One month after the introduction of the Secure Jobs, Better Pay industrial relations reform bill into the House of Representatives, Independent ACT Senator David Pocock has struck a wide-ranging agreement with the Albanese Government to secure his support for the amended legislation.
The agreement will see the government support numerous amendments to the legislation to address concerns by a wide-range of stakeholders, from small businesses to low paid workers.
Importantly, and key to Senator Pocock’s support, it also includes a commitment from the government to establish, in legislation, an expert advisory committee, led by the Treasurer and Minister for Social Services, to review the adequacy of support payments annually ahead of each federal budget, and publish their recommendations.
Senator Pocock said taken together, all of these measures will strike the right balance between ensuring people start receiving long overdue wage rises, maintaining productivity and protecting the most vulnerable in our communities.
“This is now a substantially different bill to the one introduced in the House of Representatives a month ago. It is better for business, better for workers and makes sure the most vulnerable in our community are no longer left behind,” Senator Pocock said.
“I have worked with the government to push them as far as they would go, and then a step further to ensure they addressed key concerns raised with me.
“This legislation introduces significant reforms to Australia’s industrial relations system that will benefit women and low paid workers in particular.
“There are now additional safeguards in place for business, especially small businesses, and some important new powers to better protect the low paid and those reliant on government support.
“In what I believe will be a game changer for people living below the poverty line in our country, the government will now also receive independent expert advice that is made publicly available before each federal budget looking at how the most vulnerable in our community are faring and what needs to change to ensure we don’t leave them behind.
“Given the pace at which this legislation has moved, my concern has been to ensure stakeholders are heard and any issues addressed. Along with my team we have worked incredibly hard to hear from those who will be affected by it and balance the concerns to help secure a better bill.
“I went into this seeking to get the best policy outcome, balancing the urgent need for workers to get a pay rise, with legislation that will work in practice by delivering pay rises for those that need it while not placing unreasonable burdens on small businesses.
“I believe we have achieved the right balance, significantly improving the legislation with the added commitment that will help stop governments leaving our most vulnerable behind.
“I acknowledge the tough but fair negotiations with the government that have got us to this point.

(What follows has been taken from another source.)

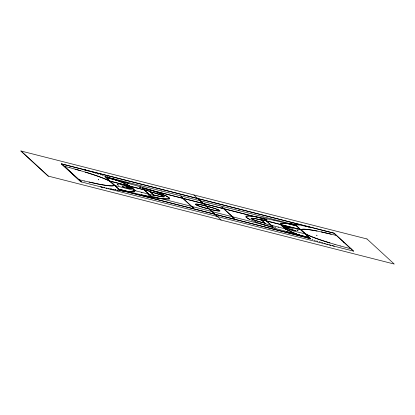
<?xml version="1.0" encoding="UTF-8"?>
<svg xmlns="http://www.w3.org/2000/svg" width="415" height="415" viewBox="0 0 415 415"><rect width="100%" height="100%" fill="white"/><g stroke="black" fill="none" stroke-linecap="round" stroke-linejoin="round"><path stroke-width="0.62" d="M330.729 245.218L329.453 244.814M332.145 245.587L334.283 246.199M87.3 170.658L88.504 171.053M89.92 171.437L91.118 171.831M92.535 172.22L93.702 172.609M322.803 242.868L321.635 242.474M324.219 243.257L325.422 243.647M326.838 244.036L328.037 244.43M95.092 173.008L96.187 173.387M97.577 173.786L98.671 174.16M100.062 174.559L101.094 174.933M315.281 240.524L314.248 240.155M316.671 240.923L317.765 241.302M319.156 241.701L320.245 242.08M255.241 216.604L249.275 215.971L246.235 216.236L246.339 217.372L249.581 219.312M102.432 175.332L103.397 175.69M104.741 176.09L105.706 176.448M309.637 238.641L310.602 238.993M311.94 239.398L312.905 239.751M308.262 238.226L307.422 237.894M109.187 177.589L110.011 177.921M111.277 178.315L112.102 178.647M303.24 236.441L304.06 236.768M306.151 237.494L215.115 214.275M263.712 218.088L254.966 216.511L248.953 215.873L245.893 216.137L245.996 217.289L249.265 219.239L255.733 221.911M263.499 218.01L274.097 220.324M141.245 194.765C150.438 196.404 159.687 199.553 169.107 198.852L169.004 197.711L165.761 195.771L159.609 193.172M123.546 182.994L123.239 182.927L124.168 183.274L123.862 183.207M124.791 183.56L124.484 183.487L125.413 183.84L125.107 183.772M126.036 184.12L125.729 184.053L126.658 184.4L126.352 184.333M321.262 231.876L336.383 235.455M89.168 182.092L98.288 184.032A42.071 3.668 15.1 0 0 113.399 184.55L110.478 181.863A42.071 3.668 15.1 0 0 85.386 172.158M100.482 186.76L102.604 187.269L101.576 187.035M331.186 234.169L316.842 230.973A42.413 3.699 15.1 0 0 301.186 229.837L301.591 230.439M84.157 180.919L98.5 184.11A42.413 3.699 15.1 0 0 114.156 185.246L113.752 184.644M290.775 227.861L288.69 227.363A8.917 0.778 15.1 0 0 284.306 226.632L283.819 226.901L285.499 227.726A8.917 0.778 15.1 0 0 291.024 229.511L295.817 230.797L285.224 227.674A9.275 0.809 15.1 0 1 283.985 226.533L293.281 228.463M273.957 220.256L296.377 225.874M78.959 179.628L84.25 180.971M79.006 179.674L79.696 179.845M61.679 163.961L197.789 198.567M200.108 200.699L200.445 200.782M200.227 200.808L104.954 176.557L119.598 190.023L123.826 191.102M200.518 200.85L295.745 225.06L310.389 238.532L214.892 214.301M106.224 177.496L128.946 183.388M285.598 223.099L296.331 225.827M106.271 177.542L140.633 186.771M203.158 203.506L183.056 198.396L191.74 206.385M203.495 203.589L223.597 208.698L232.286 216.692M110.224 181.179L149.748 191.227L154.53 195.626L114.96 185.531M300.336 229.511L260.812 219.462L265.595 223.861L305.118 233.91M110.271 181.22L149.452 191.185L154.141 195.491M300.382 229.552L261.201 219.592L265.885 223.903M122.129 184.981L119.572 184.333M71.39 172.894L71.733 172.982M343.61 242.106L343.947 242.189M124.619 187.274L122.015 186.579L131.358 188.555A9.275 0.809 15.1 0 0 130.113 187.414L122.077 184.94M118.96 189.214C135.627 192.856 152.253 199.086 169.45 198.951L169.341 197.799L166.078 195.844L150.987 190.101M309.071 237.546L274.709 228.317M119.012 189.261L129.739 191.989M309.118 237.593L286.397 231.7M214.773 214.192L119.888 190.065L105.343 176.686M305.814 237.333L310.337 238.485M124.277 191.216L214.82 214.233M261.46 220.059L260.464 219.8A12.829 1.121 15.1 0 0 251.008 218.368L251.355 218.762A12.829 1.121 15.1 0 0 263.11 222.793L264.946 223.265M261.507 220.1L260.542 219.857A12.471 1.089 15.1 0 0 251.355 218.461L251.692 218.845A12.471 1.089 15.1 0 0 263.12 222.762M206.099 205.985L207.936 206.457A12.829 1.121 15.1 0 1 219.691 210.488L220.038 210.882A12.829 1.121 15.1 0 1 210.581 209.445L207.407 208.631A12.829 1.121 15.1 0 1 195.652 204.6L195.304 204.206A12.829 1.121 15.1 0 1 204.761 205.638L205.804 205.939L204.839 205.695A12.471 1.089 15.1 0 0 195.652 204.299L195.989 204.683A12.471 1.089 15.1 0 0 207.417 208.6M206.146 206.027L207.925 206.488A12.471 1.089 15.1 0 1 219.353 210.405L219.691 210.784A12.471 1.089 15.1 0 1 210.498 209.393M150.396 191.823L152.232 192.295A12.829 1.121 15.1 0 1 163.987 196.326L164.335 196.72A12.829 1.121 15.1 0 1 154.878 195.283L153.83 194.983M150.443 191.865L152.222 192.327A12.471 1.089 15.1 0 1 163.645 196.243L163.987 196.622A12.471 1.089 15.1 0 1 154.795 195.232M64.46 166.291L69.803 167.717M350.831 248.751L340.191 245.945M350.177 248.611L350.882 248.793M69.803 167.686L80.417 170.643M75.11 169.164L85.511 172.163A42.413 3.699 15.1 0 1 109.71 181.158L110.8 181.936M334.921 244.44L340.233 245.924M335.009 244.435L329.832 242.925A42.413 3.699 15.1 0 1 305.632 233.925L304.537 233.152M264.148 224.956L274.834 228.323M140.503 186.766L151.195 190.127M255.458 221.859L264.355 224.987M303.733 226.009L304.62 226.139M302.483 225.734L301.684 225.63M300.429 225.355L299.635 225.257M109.389 188.638L108.45 188.488M107.117 188.177L106.178 188.021M104.845 187.715L103.807 187.528M353.373 251.085L333.893 233.168L198.126 198.65L217.553 216.521M304.864 233.225L301.938 230.538A42.071 3.668 15.1 0 1 317.05 231.056M295.454 225.018L309.995 238.402M293.192 230.88L292.85 230.792M287.061 229.319L284.332 228.624M278.543 227.155L278.2 227.067M275.726 227.736L274.751 227.524M272.411 225.594L272.069 225.506M272.997 227.041L264.314 219.053L223.939 208.787L232.628 216.78M239.019 210.638L238.677 210.55M193.857 194.951L221.143 220.049M191.403 206.302L182.714 198.308L142.34 188.042L151.029 196.036M162.021 191.066L161.679 190.978M148.056 193.981L147.714 193.893M149.327 195.6L148.352 195.387M141.925 192.42L141.582 192.332M135.788 190.859L133.065 190.169M127.275 188.695L126.933 188.607M61.97 164.003L81.444 181.92M61.628 163.915L81.153 181.879M21.092 151.029L48.425 176.173M126.653 187.725A8.917 0.778 15.1 0 0 131.036 188.457L131.524 188.187L129.843 187.362A8.917 0.778 15.1 0 0 124.318 185.572M329.956 242.931A42.071 3.668 15.1 0 1 304.864 233.225M134.195 191.144L134.538 191.237L134.195 191.144M134.346 190.931L134.688 191.025L134.346 190.931M134.496 190.713L134.839 190.807L134.496 190.713M280.576 224.173L280.919 224.266L280.576 224.173M280.727 223.955L281.069 224.048L280.727 223.955M280.877 223.737L281.22 223.83L280.877 223.737M84.613 169.87L85.993 170.269L84.613 169.87M132.956 191.574L132.701 191.637L133.293 191.673L132.956 191.574M133.464 191.46L133.21 191.517L133.801 191.554L133.464 191.46M133.967 191.341L133.718 191.398L134.31 191.44L133.967 191.341M281.287 223.592L281.033 223.649L281.624 223.685L281.287 223.592M281.795 223.472L281.541 223.529L282.133 223.571L281.795 223.472M282.299 223.353L282.044 223.415L282.636 223.452L282.299 223.353M130.632 191.694L130.206 191.699L130.958 191.792L130.632 191.694M131.488 191.678L131.057 191.683L131.814 191.777L131.488 191.678M132.344 191.663L131.913 191.668L132.67 191.761L132.344 191.663M283.097 223.322L282.672 223.327L283.424 223.415L283.097 223.322M283.953 223.301L283.528 223.312L284.28 223.4L283.953 223.301M284.809 223.286L284.384 223.296L285.136 223.384L284.809 223.286M127.265 191.497L126.668 191.455L127.576 191.595L127.265 191.497M128.453 191.585L127.862 191.538L128.764 191.678L128.453 191.585M129.646 191.668L129.049 191.626L129.952 191.766L129.646 191.668M285.982 223.363L285.385 223.322L286.293 223.462L285.982 223.363M287.17 223.452L286.578 223.405L287.481 223.545L287.17 223.452M288.363 223.535L287.766 223.493L288.669 223.633L288.363 223.535M124.422 191.175L123.67 191.082L124.708 191.268L124.422 191.175M125.921 191.362L125.174 191.268L126.212 191.455L125.921 191.362M289.883 223.727L289.131 223.633L290.168 223.82L289.883 223.727M291.382 223.913L290.63 223.82L291.672 224.007L291.382 223.913M122.918 190.988L122.145 190.89L123.203 191.082L122.918 190.988M292.912 224.105L292.134 224.007L293.198 224.199L292.912 224.105M107.075 176.857L108.144 177.226L107.075 176.857M119.458 190.459L118.56 190.319L119.717 190.552L119.458 190.459M121.247 190.744L120.355 190.604L121.512 190.838L121.247 190.744M294.728 224.391L293.83 224.25L294.987 224.484L294.728 224.391M296.518 224.676L295.62 224.536L296.777 224.769L296.518 224.676M117.668 190.179L116.729 190.018L117.927 190.267L117.668 190.179M298.38 224.982L297.415 224.821L298.38 224.982M113.399 179.057L113.145 179.01L114.317 179.399L113.399 179.057M115.235 179.737L114.981 179.69L116.159 180.079L115.235 179.737M117.077 180.421L116.823 180.375L117.995 180.764L117.077 180.421M113.653 189.458L112.631 189.266L113.653 189.458M115.702 189.831L114.68 189.645L115.702 189.831M297.602 234.371L297.348 234.325L298.52 234.714L297.602 234.371M299.438 235.051L299.184 235.004L300.361 235.393L299.438 235.051M301.28 235.736L301.025 235.689L302.198 236.078L301.28 235.736M111.604 189.079L110.525 188.872L111.604 189.079M118.913 181.111L118.628 181.054L119.691 181.428L118.913 181.111M120.469 181.739L120.184 181.682L121.247 182.055L120.469 181.739M122.026 182.367L121.74 182.31L122.804 182.683L122.026 182.367M306.893 226.6L305.756 226.372L306.893 226.6M309.165 227.062L308.029 226.834L309.165 227.062M292.824 232.462L292.539 232.405L293.602 232.774L292.824 232.462M294.38 233.09L294.095 233.033L295.153 233.406L294.38 233.09M295.931 233.718L295.651 233.661L296.709 234.034L295.931 233.718M311.535 227.56L310.301 227.296L311.535 227.56M288.99 230.75L288.684 230.683L289.613 231.036L288.99 230.75M290.235 231.316L289.929 231.248L290.858 231.596L290.235 231.316M291.48 231.876L291.174 231.809L292.103 232.161L291.48 231.876M127.208 184.67L126.881 184.592L127.664 184.914L127.208 184.67M128.121 185.157L127.799 185.08L128.577 185.401L128.121 185.157M129.034 185.645L128.712 185.567L129.496 185.889L129.034 185.645M286.174 229.272L285.847 229.199L286.63 229.516L286.174 229.272M287.087 229.76L286.76 229.687L287.543 230.003L287.087 229.76M288 230.247L287.678 230.175L288.456 230.491L288 230.247M129.838 186.112L129.501 186.024L130.118 186.309L129.838 186.112M130.403 186.511L130.066 186.428L130.689 186.714L130.403 186.511M284.991 228.458L284.654 228.369L285.276 228.655L284.991 228.458M285.556 228.857L285.219 228.774L285.842 229.059L285.556 228.857M366.964 238.962L20.75 150.941L48.036 176.038L394.25 264.059L366.964 238.962M334.189 233.209L61.29 163.832L80.811 181.791L353.71 251.168L334.189 233.209M181.298 196.777L180.956 196.689L181.298 196.777M222.181 207.173L221.838 207.085L222.181 207.173M181.64 197.094L181.298 197.006L181.64 197.094M222.523 207.484L222.181 207.396L222.523 207.484M181.983 197.405L181.64 197.317L181.983 197.405M222.865 207.801L222.523 207.713L222.865 207.801M182.325 197.722L181.983 197.633L182.325 197.722M223.208 208.112L222.865 208.029L223.208 208.112M182.662 198.033L182.325 197.95L182.662 198.033M223.55 208.429L223.208 208.34L223.55 208.429M140.592 187.564L139.57 187.305L140.592 187.564M264.604 219.094L141.951 187.912L150.738 195.994L273.386 227.176L264.604 219.094M266.99 219.701L265.963 219.442L266.99 219.701M130.974 186.921L130.637 186.833L131.223 187.113L130.974 186.921M281.329 225.143L280.986 225.06L281.329 225.143M131.441 187.31L131.099 187.222L131.633 187.492L131.441 187.31M281.681 225.506L281.339 225.423L281.878 225.687L281.681 225.506M131.83 187.668L131.488 187.585L132.027 187.85L131.83 187.668M282.07 225.869L281.733 225.781L282.267 226.045L282.07 225.869M117.585 184.317L117.243 184.229L118.56 185.215L117.585 184.317M132.219 188.031L131.882 187.943L132.416 188.208L132.219 188.031M282.465 226.227L282.122 226.139L282.656 226.403L282.465 226.227M297.119 229.962L296.782 229.874L298.1 230.859L297.119 229.962M132.613 188.389L132.271 188.301L132.826 188.586L132.613 188.389M282.854 226.585L282.511 226.497L283.072 226.787L282.854 226.585M98.604 179.783L98.262 179.695L98.604 179.783M316.982 235.3L316.64 235.217L316.982 235.3M133.023 188.768L132.681 188.68L133.22 188.95L133.023 188.768M283.263 226.964L282.926 226.875L283.461 227.145L283.263 226.964M133.412 189.126L133.075 189.038L133.609 189.307L133.412 189.126M283.658 227.321L283.315 227.238L283.85 227.503L283.658 227.321M133.806 189.484L133.464 189.401L133.998 189.665L133.806 189.484M284.047 227.685L283.704 227.596L284.239 227.861L284.047 227.685M134.216 189.863L133.874 189.774L134.216 189.863M284.457 228.058L284.114 227.975L284.706 228.255L284.457 228.058M191.989 206.608L191.647 206.525L191.989 206.608M232.872 217.004L232.53 216.915L232.872 217.004M192.327 206.924L191.989 206.836L192.327 206.924M233.214 217.32L232.872 217.232L233.214 217.32M192.669 207.241L192.332 207.152L192.669 207.241M233.552 217.631L233.214 217.548L233.552 217.631M193.011 207.552L192.669 207.469L193.011 207.552M233.894 217.948L233.557 217.859L233.894 217.948M193.354 207.868L193.011 207.78L193.354 207.868M234.236 218.264L233.894 218.176L234.236 218.264M280.903 224.52L280.561 224.427L280.903 224.52M281.116 224.831L280.773 224.743L281.116 224.831M134.46 190.189L134.118 190.096L134.46 190.189M134.673 190.501L134.33 190.412L134.673 190.501"/></g></svg>

“I thank the Prime Minister and Minister Burke for their constructive engagement and the many, many workers and businesses, along with their representatives, who have come to me over the past month.
“I also pay tribute to the efforts and advocacy of Members in the lower house as well as community advocates who have championed many of these reforms for years.”
Commitments agreed with Government are summarised below:
- A commitment from the Prime Minister to establish a new independent Economic Inclusion Advisory Committee led by the Treasurer and Social Services Minister to review the adequacy of support payments annually ahead of each federal budget, and publish any recommendations.
- A commitment from the Prime Minister to consider and respond to the recommendations of the Murray Review within this Term of Government to better protect subcontractors.
- A commitment from the Employment and Workplace Relations Minister to review modern awards.
- Small businesses with fewer than 20 employees based on headcount (and excluding seasonal workers and other irregular casuals) will be excluded from the single-interest multi-enterprise bargaining stream.
- The Government will undertake a statutory review no later than two years after the passage of the bill
- The ‘grace period’ during which a single-interest multi-enterprise bargaining authorisation can be granted from six to nine months.
- Introduce a new reasonable comparability threshold into the common interest test.
- Introduce new safeguards for businesses that have fewer than 50 employees based on headcount wanting to exit multi-enterprise bargaining and with the onus of proving a common interest on the applicant for these businesses.
- Increase the 'minimum bargaining period' for the purpose of intractable bargaining declaration from six to nine months.
Require conciliation to take place before arbitration over working arrangements unless there are exceptional circumstances.
- Remove the right to veto an agreement by allowing the Fair Work Commission to compel a multi-enterprise agreement to be put to a vote regardless of whether employee organisations agree and prevent parties unreasonably withholding agreement.
- Carve out civil construction from all streams of multi-enterprise bargaining.
Give the Minister a new power to declare an industry or occupation eligible for the supported (previously low paid) bargaining stream.
Make it much easier for firefighters, including volunteer firefighters, to access workers compensation benefits for seven additional cancers, including women's reproductive cancers.
- Task the new National Construction Industry Forum with providing advice to government on measures that will ensure contractors are paid accurately and in a timely manner in the construction industry.
Provided the Government delivers on all commitments listed above, Senator Pocock will support the passage of the Fair Work Legislation Amendment (Secure Jobs, Better Pay) Bill 2022.
Further details around the agreed proposal for the new expert advisory committee will be released separately. An interim committee will be established by the end of 2022 with a first report to be provided ahead of the 2023 federal budget and the permanent committee being legislated next year.